_What to produce_.
For this exercise, retype every record below exactly and keep the pictures out.

Data items
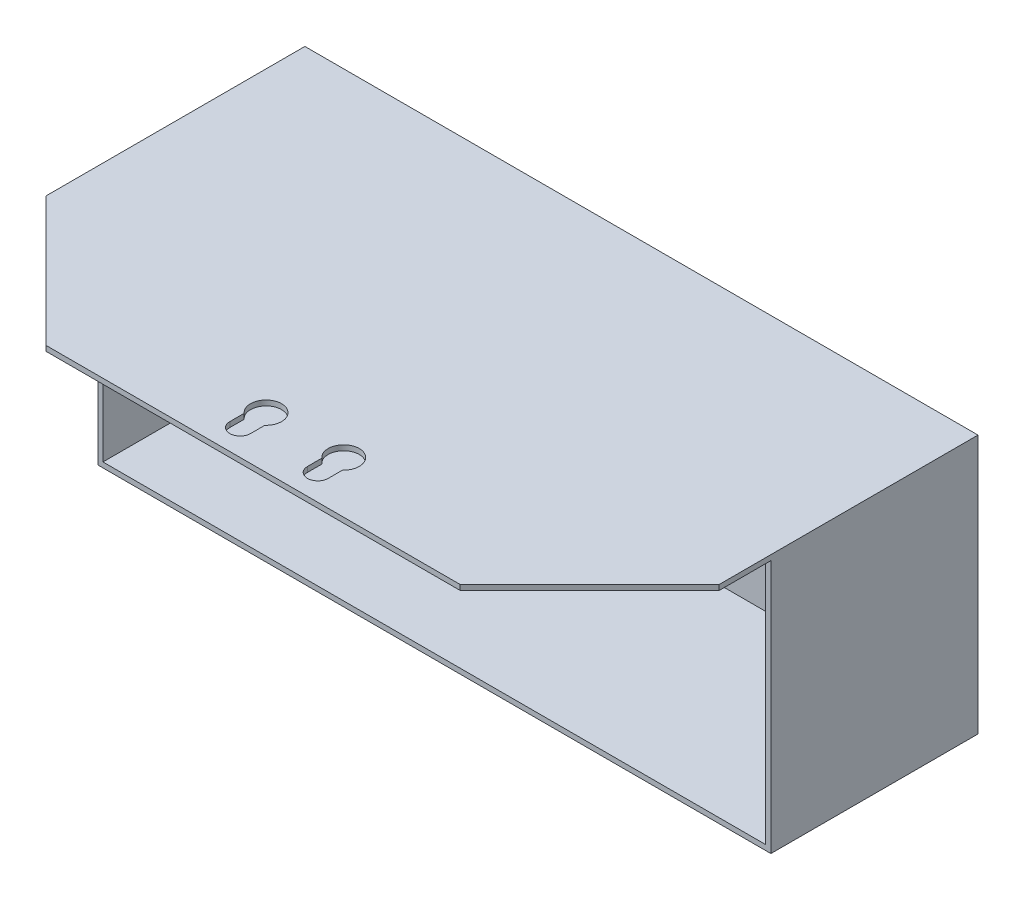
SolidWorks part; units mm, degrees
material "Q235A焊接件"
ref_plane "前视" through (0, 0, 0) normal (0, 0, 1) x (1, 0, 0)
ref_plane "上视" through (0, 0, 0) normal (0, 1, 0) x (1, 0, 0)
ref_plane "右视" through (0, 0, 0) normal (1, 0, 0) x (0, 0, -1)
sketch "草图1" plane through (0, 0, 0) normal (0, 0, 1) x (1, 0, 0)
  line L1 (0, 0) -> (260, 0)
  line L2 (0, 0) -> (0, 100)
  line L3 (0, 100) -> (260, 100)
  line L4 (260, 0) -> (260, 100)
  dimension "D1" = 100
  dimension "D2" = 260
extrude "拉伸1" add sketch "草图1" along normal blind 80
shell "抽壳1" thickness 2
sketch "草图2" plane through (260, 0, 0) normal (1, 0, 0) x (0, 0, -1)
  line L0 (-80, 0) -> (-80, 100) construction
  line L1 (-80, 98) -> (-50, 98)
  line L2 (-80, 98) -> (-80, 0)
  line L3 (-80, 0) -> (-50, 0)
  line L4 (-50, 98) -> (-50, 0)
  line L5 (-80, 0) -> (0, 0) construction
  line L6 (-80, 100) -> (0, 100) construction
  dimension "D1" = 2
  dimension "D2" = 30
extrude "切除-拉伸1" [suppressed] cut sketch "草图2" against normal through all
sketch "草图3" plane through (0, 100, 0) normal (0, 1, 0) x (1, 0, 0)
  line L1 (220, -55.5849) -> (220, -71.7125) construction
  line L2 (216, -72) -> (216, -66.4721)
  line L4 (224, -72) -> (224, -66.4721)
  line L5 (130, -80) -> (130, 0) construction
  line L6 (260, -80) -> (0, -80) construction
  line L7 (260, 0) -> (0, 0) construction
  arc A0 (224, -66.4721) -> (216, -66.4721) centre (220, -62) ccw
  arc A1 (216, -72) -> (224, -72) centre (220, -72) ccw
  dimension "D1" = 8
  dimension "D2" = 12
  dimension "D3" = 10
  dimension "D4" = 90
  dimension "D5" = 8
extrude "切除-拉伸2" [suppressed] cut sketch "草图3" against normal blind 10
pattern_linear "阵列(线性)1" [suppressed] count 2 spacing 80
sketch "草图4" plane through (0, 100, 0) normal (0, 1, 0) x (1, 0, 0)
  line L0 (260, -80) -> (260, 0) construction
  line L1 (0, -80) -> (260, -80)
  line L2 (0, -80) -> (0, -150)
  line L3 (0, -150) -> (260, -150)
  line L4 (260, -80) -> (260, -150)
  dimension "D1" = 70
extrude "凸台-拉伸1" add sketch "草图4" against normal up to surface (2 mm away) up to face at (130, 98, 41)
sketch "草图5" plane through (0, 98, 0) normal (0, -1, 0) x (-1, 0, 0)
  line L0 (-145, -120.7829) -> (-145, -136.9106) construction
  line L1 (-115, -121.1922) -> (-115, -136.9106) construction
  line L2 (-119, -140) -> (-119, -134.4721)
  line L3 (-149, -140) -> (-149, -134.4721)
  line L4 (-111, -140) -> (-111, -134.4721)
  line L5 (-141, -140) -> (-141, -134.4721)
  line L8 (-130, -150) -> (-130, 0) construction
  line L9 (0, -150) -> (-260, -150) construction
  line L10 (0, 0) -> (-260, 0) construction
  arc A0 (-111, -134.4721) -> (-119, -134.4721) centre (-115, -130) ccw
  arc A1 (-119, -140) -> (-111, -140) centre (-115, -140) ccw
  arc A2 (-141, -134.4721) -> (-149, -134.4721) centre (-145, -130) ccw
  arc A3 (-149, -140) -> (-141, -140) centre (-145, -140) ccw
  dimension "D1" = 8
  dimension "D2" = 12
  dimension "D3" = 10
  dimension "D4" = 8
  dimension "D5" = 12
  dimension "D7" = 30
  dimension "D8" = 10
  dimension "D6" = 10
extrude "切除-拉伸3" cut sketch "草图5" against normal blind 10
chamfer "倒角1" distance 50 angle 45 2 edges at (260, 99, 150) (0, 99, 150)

_Output for this task_.
SolidWorks part; units mm, degrees
material "Q235A焊接件"
ref_plane "前视" through (0, 0, 0) normal (0, 0, 1) x (1, 0, 0)
ref_plane "上视" through (0, 0, 0) normal (0, 1, 0) x (1, 0, 0)
ref_plane "右视" through (0, 0, 0) normal (1, 0, 0) x (0, 0, -1)
sketch "草图1" plane through (0, 0, 0) normal (0, 0, 1) x (1, 0, 0)
  line L1 (0, 0) -> (260, 0)
  line L2 (0, 0) -> (0, 100)
  line L3 (0, 100) -> (260, 100)
  line L4 (260, 0) -> (260, 100)
  dimension "D1" = 100
  dimension "D2" = 260
extrude "拉伸1" add sketch "草图1" along normal blind 80
shell "抽壳1" thickness 2
sketch "草图2" plane through (260, 0, 0) normal (1, 0, 0) x (0, 0, -1)
  line L0 (-80, 0) -> (-80, 100) construction
  line L1 (-80, 98) -> (-50, 98)
  line L2 (-80, 98) -> (-80, 0)
  line L3 (-80, 0) -> (-50, 0)
  line L4 (-50, 98) -> (-50, 0)
  line L5 (-80, 0) -> (0, 0) construction
  line L6 (-80, 100) -> (0, 100) construction
  dimension "D1" = 2
  dimension "D2" = 30
extrude "切除-拉伸1" [suppressed] cut sketch "草图2" against normal through all
sketch "草图3" plane through (0, 100, 0) normal (0, 1, 0) x (1, 0, 0)
  line L1 (220, -55.5849) -> (220, -71.7125) construction
  line L2 (216, -72) -> (216, -66.4721)
  line L4 (224, -72) -> (224, -66.4721)
  line L5 (130, -80) -> (130, 0) construction
  line L6 (260, -80) -> (0, -80) construction
  line L7 (260, 0) -> (0, 0) construction
  arc A0 (224, -66.4721) -> (216, -66.4721) centre (220, -62) ccw
  arc A1 (216, -72) -> (224, -72) centre (220, -72) ccw
  dimension "D1" = 8
  dimension "D2" = 12
  dimension "D3" = 10
  dimension "D4" = 90
  dimension "D5" = 8
extrude "切除-拉伸2" [suppressed] cut sketch "草图3" against normal blind 10
pattern_linear "阵列(线性)1" [suppressed] count 2 spacing 80
sketch "草图4" plane through (0, 100, 0) normal (0, 1, 0) x (1, 0, 0)
  line L0 (260, -80) -> (260, 0) construction
  line L1 (0, -80) -> (260, -80)
  line L2 (0, -80) -> (0, -150)
  line L3 (0, -150) -> (260, -150)
  line L4 (260, -80) -> (260, -150)
  dimension "D1" = 70
extrude "凸台-拉伸1" add sketch "草图4" against normal up to surface (2 mm away) up to face at (130, 98, 41)
sketch "草图5" plane through (0, 98, 0) normal (0, -1, 0) x (-1, 0, 0)
  line L0 (-145, -120.7829) -> (-145, -136.9106) construction
  line L1 (-115, -121.1922) -> (-115, -136.9106) construction
  line L2 (-119, -140) -> (-119, -134.4721)
  line L3 (-149, -140) -> (-149, -134.4721)
  line L4 (-111, -140) -> (-111, -134.4721)
  line L5 (-141, -140) -> (-141, -134.4721)
  line L8 (-130, -150) -> (-130, 0) construction
  line L9 (0, -150) -> (-260, -150) construction
  line L10 (0, 0) -> (-260, 0) construction
  arc A0 (-111, -134.4721) -> (-119, -134.4721) centre (-115, -130) ccw
  arc A1 (-119, -140) -> (-111, -140) centre (-115, -140) ccw
  arc A2 (-141, -134.4721) -> (-149, -134.4721) centre (-145, -130) ccw
  arc A3 (-149, -140) -> (-141, -140) centre (-145, -140) ccw
  dimension "D1" = 8
  dimension "D2" = 12
  dimension "D3" = 10
  dimension "D4" = 8
  dimension "D5" = 12
  dimension "D7" = 30
  dimension "D8" = 10
  dimension "D6" = 10
extrude "切除-拉伸3" cut sketch "草图5" against normal blind 10
chamfer "倒角1" distance 50 angle 45 2 edges at (260, 99, 150) (0, 99, 150)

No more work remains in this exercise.